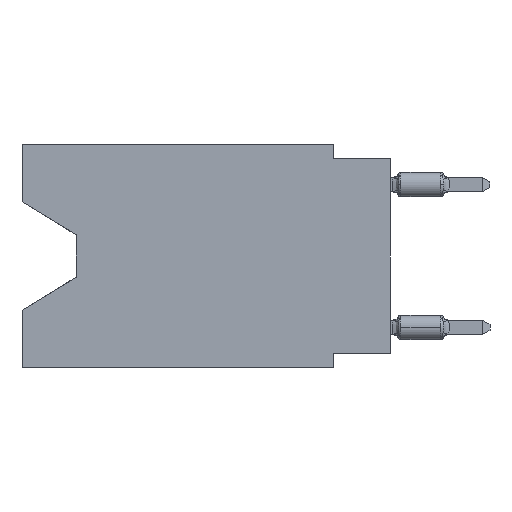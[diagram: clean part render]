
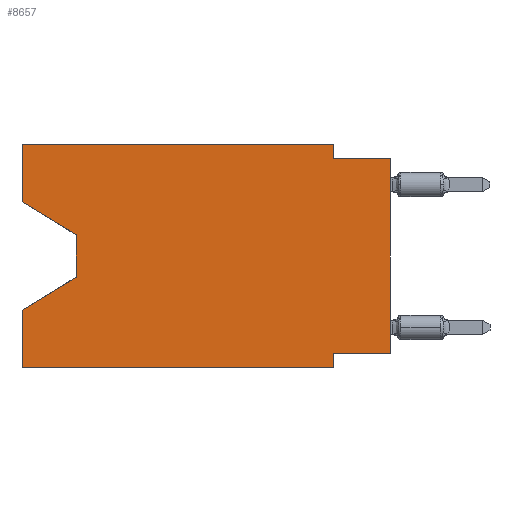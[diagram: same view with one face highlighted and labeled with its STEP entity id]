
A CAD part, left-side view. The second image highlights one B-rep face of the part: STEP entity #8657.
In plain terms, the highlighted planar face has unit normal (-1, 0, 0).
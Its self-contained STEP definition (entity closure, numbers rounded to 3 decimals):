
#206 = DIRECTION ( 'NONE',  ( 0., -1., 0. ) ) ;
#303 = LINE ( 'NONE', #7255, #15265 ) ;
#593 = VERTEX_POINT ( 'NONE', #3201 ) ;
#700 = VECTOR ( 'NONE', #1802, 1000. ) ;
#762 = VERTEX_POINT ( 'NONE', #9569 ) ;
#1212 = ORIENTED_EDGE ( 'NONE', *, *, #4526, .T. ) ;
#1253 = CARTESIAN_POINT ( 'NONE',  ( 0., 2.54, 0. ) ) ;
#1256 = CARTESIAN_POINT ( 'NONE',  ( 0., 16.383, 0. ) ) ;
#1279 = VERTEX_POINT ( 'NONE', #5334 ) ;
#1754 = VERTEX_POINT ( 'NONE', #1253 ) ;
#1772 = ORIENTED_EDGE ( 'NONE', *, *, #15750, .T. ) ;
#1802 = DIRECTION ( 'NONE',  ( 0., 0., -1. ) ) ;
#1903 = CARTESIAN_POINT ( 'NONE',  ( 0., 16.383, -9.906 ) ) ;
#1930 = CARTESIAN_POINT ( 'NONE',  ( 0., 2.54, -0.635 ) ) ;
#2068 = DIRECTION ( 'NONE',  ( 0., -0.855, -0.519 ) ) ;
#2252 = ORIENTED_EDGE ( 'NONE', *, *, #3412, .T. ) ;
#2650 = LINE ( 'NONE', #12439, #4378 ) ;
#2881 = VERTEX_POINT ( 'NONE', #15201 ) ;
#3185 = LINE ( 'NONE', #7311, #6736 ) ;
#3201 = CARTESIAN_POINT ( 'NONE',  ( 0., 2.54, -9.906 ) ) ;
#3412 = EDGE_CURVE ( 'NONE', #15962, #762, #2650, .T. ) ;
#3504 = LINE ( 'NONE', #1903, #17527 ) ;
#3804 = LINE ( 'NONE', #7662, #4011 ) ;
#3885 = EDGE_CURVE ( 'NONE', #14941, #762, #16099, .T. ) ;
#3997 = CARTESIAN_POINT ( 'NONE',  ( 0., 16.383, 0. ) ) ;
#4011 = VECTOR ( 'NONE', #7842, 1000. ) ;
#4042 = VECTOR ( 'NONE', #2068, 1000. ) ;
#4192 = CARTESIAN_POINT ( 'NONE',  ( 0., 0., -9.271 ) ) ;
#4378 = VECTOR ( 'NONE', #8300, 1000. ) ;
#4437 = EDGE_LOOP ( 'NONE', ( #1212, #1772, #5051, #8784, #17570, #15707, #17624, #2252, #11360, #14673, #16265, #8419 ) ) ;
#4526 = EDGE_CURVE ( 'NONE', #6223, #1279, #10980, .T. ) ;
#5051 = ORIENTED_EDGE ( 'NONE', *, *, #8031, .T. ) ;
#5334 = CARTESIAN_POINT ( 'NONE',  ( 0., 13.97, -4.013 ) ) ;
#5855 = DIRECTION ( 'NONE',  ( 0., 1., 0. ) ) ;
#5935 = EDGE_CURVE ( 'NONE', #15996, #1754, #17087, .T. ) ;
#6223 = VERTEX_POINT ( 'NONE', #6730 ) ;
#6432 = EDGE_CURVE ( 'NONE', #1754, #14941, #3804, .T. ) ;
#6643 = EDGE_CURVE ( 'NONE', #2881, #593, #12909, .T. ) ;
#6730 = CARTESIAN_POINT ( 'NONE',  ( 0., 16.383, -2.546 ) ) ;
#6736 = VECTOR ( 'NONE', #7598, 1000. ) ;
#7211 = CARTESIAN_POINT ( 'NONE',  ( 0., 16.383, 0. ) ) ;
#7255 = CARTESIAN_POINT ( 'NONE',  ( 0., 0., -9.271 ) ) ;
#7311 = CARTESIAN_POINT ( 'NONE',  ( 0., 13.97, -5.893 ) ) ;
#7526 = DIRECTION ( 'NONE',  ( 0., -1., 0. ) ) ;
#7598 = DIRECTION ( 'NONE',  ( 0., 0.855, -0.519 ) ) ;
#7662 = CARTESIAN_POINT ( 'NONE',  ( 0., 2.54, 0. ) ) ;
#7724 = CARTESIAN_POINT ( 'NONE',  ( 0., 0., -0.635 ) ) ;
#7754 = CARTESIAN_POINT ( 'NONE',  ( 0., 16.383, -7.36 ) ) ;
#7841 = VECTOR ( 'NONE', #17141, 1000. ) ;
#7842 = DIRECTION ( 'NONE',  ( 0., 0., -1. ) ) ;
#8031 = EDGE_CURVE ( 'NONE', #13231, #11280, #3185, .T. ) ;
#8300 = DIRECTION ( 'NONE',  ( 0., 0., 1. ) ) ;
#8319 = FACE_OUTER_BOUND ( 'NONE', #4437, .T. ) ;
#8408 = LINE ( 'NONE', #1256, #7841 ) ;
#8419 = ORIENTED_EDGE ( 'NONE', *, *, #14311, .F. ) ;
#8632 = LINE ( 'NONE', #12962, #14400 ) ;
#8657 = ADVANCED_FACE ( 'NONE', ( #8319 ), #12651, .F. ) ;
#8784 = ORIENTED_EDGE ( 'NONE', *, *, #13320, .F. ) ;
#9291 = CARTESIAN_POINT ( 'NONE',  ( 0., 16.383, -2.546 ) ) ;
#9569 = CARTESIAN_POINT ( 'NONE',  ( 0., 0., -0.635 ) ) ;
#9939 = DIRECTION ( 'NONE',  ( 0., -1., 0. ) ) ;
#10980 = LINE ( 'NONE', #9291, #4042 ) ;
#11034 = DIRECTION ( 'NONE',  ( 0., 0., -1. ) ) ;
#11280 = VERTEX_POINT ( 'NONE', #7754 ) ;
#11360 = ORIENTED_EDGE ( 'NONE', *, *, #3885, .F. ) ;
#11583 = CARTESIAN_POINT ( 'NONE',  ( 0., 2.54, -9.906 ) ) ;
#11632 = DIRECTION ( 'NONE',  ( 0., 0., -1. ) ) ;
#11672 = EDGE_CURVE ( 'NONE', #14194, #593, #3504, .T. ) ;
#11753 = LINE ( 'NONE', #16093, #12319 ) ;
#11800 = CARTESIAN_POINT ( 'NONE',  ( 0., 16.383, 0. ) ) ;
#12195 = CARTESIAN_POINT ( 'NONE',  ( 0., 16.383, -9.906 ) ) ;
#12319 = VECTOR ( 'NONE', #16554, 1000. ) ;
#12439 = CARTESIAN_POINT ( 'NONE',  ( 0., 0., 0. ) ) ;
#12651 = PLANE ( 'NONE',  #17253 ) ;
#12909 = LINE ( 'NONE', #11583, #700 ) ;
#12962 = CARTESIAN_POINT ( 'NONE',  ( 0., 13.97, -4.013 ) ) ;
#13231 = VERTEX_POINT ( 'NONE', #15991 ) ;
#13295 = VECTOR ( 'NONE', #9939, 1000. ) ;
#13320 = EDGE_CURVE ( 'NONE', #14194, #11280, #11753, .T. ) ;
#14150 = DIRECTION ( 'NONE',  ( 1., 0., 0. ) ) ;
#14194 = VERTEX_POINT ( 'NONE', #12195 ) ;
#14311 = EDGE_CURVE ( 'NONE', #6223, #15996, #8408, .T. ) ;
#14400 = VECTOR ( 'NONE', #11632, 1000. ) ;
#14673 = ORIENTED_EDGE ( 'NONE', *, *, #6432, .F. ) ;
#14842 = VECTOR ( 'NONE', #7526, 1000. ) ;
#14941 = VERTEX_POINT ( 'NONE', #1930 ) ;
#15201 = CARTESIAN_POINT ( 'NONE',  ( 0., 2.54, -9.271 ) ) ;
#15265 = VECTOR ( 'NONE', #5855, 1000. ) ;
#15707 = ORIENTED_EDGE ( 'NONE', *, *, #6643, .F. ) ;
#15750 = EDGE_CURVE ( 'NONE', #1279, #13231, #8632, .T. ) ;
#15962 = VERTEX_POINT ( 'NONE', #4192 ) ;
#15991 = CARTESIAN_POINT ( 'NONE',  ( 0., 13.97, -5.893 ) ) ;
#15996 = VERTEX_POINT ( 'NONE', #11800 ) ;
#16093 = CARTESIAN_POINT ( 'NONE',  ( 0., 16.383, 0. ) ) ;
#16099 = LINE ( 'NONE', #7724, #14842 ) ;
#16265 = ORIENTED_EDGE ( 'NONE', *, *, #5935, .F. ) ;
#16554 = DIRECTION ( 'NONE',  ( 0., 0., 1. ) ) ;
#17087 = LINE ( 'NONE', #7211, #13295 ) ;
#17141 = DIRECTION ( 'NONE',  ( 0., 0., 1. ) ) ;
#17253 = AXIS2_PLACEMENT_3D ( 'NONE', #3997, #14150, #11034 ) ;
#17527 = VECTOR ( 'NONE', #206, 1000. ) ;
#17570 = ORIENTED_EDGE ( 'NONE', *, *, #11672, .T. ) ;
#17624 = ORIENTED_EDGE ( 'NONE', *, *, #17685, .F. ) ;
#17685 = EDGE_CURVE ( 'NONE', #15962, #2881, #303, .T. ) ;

....................

Your task is to restate, word for word, only those lines above that fall between the line holding "#12962 = CARTESIAN_POINT" and the line holding "#15707 = ORIENTED_EDGE", inclusive.

#12962 = CARTESIAN_POINT ( 'NONE',  ( 0., 13.97, -4.013 ) ) ;
#13231 = VERTEX_POINT ( 'NONE', #15991 ) ;
#13295 = VECTOR ( 'NONE', #9939, 1000. ) ;
#13320 = EDGE_CURVE ( 'NONE', #14194, #11280, #11753, .T. ) ;
#14150 = DIRECTION ( 'NONE',  ( 1., 0., 0. ) ) ;
#14194 = VERTEX_POINT ( 'NONE', #12195 ) ;
#14311 = EDGE_CURVE ( 'NONE', #6223, #15996, #8408, .T. ) ;
#14400 = VECTOR ( 'NONE', #11632, 1000. ) ;
#14673 = ORIENTED_EDGE ( 'NONE', *, *, #6432, .F. ) ;
#14842 = VECTOR ( 'NONE', #7526, 1000. ) ;
#14941 = VERTEX_POINT ( 'NONE', #1930 ) ;
#15201 = CARTESIAN_POINT ( 'NONE',  ( 0., 2.54, -9.271 ) ) ;
#15265 = VECTOR ( 'NONE', #5855, 1000. ) ;
#15707 = ORIENTED_EDGE ( 'NONE', *, *, #6643, .F. ) ;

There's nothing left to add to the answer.